Yale professor evaluates college Covid-19 dashboards. Website itself is here. I am slightly terrified that my brain thinks offering point totals and a competition is likely the most effective and efficient way to get improvements in those dashboards. Only slightly, mostly I’m used to it. I love that the way they sort it is by athletic conference, so rivalries can be invoked. Go state! Congratulations to Amherst College, this week’s winner with the only A++. Unsurprisingly George Mason gets an A+, and unsurprisingly the Ivy League was far from the worst but did not cover itself in glory.
Blame Canada: Canadians, who have secured more doses of vaccine per person than any other country with eight doses per person or four full inoculations per person, point fingers because they tried to first make a deal with the Chinese. The deal fell through because the Chinese government blocked shipments of the vaccine, so the Candians couldn’t test it. In the particular case of the Chinese, ‘get your own data’ seems like a wise principle. I also think it is great that the Canadians are arguing over whether they did enough to secure vaccine doses, despite securing the most doses per person of any country and way more than are needed, because it was a huge error to get way more than was needed rather than way way way more than was needed. I have zero ethical issues with it because the surplus can and presumably will be resold to other nations when the time comes.
Covid-19 hypocrisy this week: San Francisco Mayor London Breed, Secretary of State Mike Pompeo.

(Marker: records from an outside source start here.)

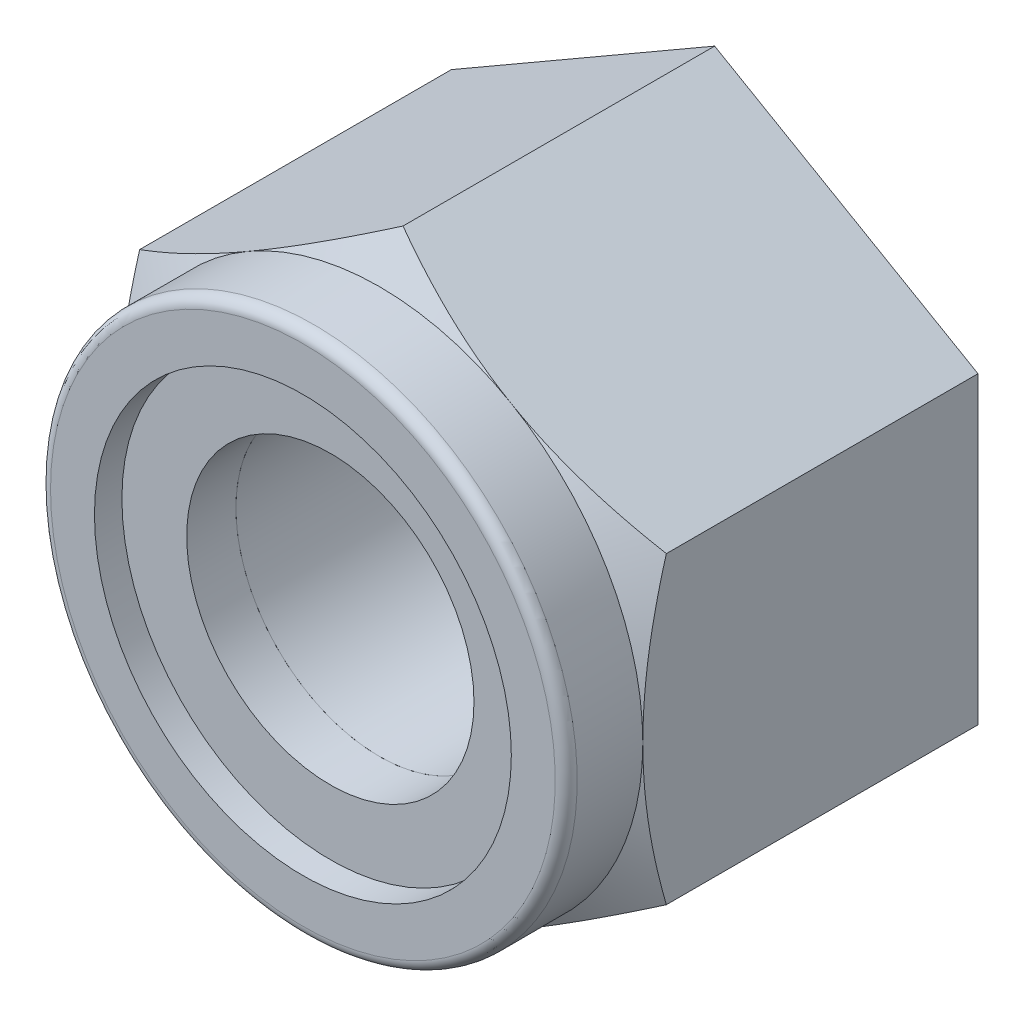
from build123d import *

# Parameters (mm, degrees)
EXTRUDE1_DEPTH     = 3.5
SKETCH5_R          = 2.463333333
SKETCH5_R_2        = 1.5
EXTRUDE2_DEPTH     = 0.513333333
SKETCH4_R          = 1.5
CUT_EXTRUDE1_DEPTH = 7.011308787
FILLET2_R          = 0.114666667


with BuildPart() as part:
    # Sketch1 → Extrude1 (new body)
    with BuildSketch(Plane.XY):
        Polygon((0, 3.175426481), (-2.75, 1.58771324), (-2.75, -1.58771324), (0, -3.175426481), (2.75, -1.58771324), (2.75, 1.58771324), align=None)
    extrude(amount=EXTRUDE1_DEPTH)

    # Sketch2 → Cut-Revolve1 (revolve, cut)
    with BuildSketch(Plane(origin=(0, 0, 0), x_dir=(1, 0, 0), z_dir=(0, 1, 0))):
        Polygon((2.75, -3.5), (3.85, -3.5), (3.85, -2.864914704), align=None)
    revolve(axis=Axis((0, 0, 0), (0, 0, 1)), mode=Mode.SUBTRACT)

    # Sketch3 → Revolve1 (revolve)
    with BuildSketch(Plane(origin=(0, 0, 0), x_dir=(1, 0, 0), z_dir=(0, 1, 0)), mode=Mode.PRIVATE) as revolve1_sk:
        Polygon((2.75, -3.5), (2.75, -4.3), (2.176666667, -4.3), (2.176666667, -4.013333333), (2.463333333, -4.013333333), (2.463333333, -3.5), align=None)
    revolve(revolve1_sk.sketch.rotate(Axis((0, 0, 0), (0, 0, 1)), 180), axis=Axis((0, 0, 0), (0, 0, 1)))

    # Sketch4 → Cut-Extrude1 (cut, through all)
    with BuildSketch(Plane(origin=(0, 0, 0), x_dir=(-1, 0, 0), z_dir=(0, 0, -1))):
        with Locations(Location((0, 0, 0), (0, 0, 180))):
            Circle(SKETCH4_R)
    extrude(amount=-CUT_EXTRUDE1_DEPTH, mode=Mode.SUBTRACT)

    # Fillet2
    fillet2_edges = [part.edges().sort_by_distance(p)[0] for p in [
        (2.75, 0, 4.3),
    ]]
    fillet(fillet2_edges, radius=FILLET2_R)


with BuildPart() as body_2:
    # Sketch5 → Extrude2 (new body)
    with BuildSketch(Plane.XY.offset(3.5)):
        Circle(SKETCH5_R)
        Circle(SKETCH5_R_2, mode=Mode.SUBTRACT)
    extrude(amount=EXTRUDE2_DEPTH)


solid = Compound([part.part, body_2.part])

Los Angeles Mayor Eric Garcetti locks down the city tight. All gatherings from more than one household are banned except for outdoor religious activities and protests. No being outside unless you are homeless, or for specified essential reasons. I presume his plan is to keep this up for several months. These are sufficiently strong restrictions that on the margin they are all but guaranteed to backfire even in pure infection terms. You have one of the few cities where it’s reasonable to do things outside, and you send the police after people doing things outside.
Not Covid-19: Our healthcare system is a dumpster fire, a continuing series, storytime regarding pricing edition. Also this. And this, where Canada has been forced to ban mass exports of prescription drugs because our plan to save money was to have Canada force drug makers to sell cheap and then buy from them in Canada and import the drugs back here, and that was threatening to create shortages in Canada.
Not Covid-19 but cool: Deepmind says they’ve solved the protein folding problem. This seems to actually translate to them scoring much higher than the previous high score on a protein folding competition. Which is neat but claims of having ‘solved’ the problem seem premature.
New model suggests that a consistent lockdown policy is better than an oscillating policy. Sharing for those who are curious. My quick reading says that they are completely missing all the interesting questions, because they are not thinking about control systems and how people will respond to various levels of infection, and they are assuming there is a generic lockdown knob that works.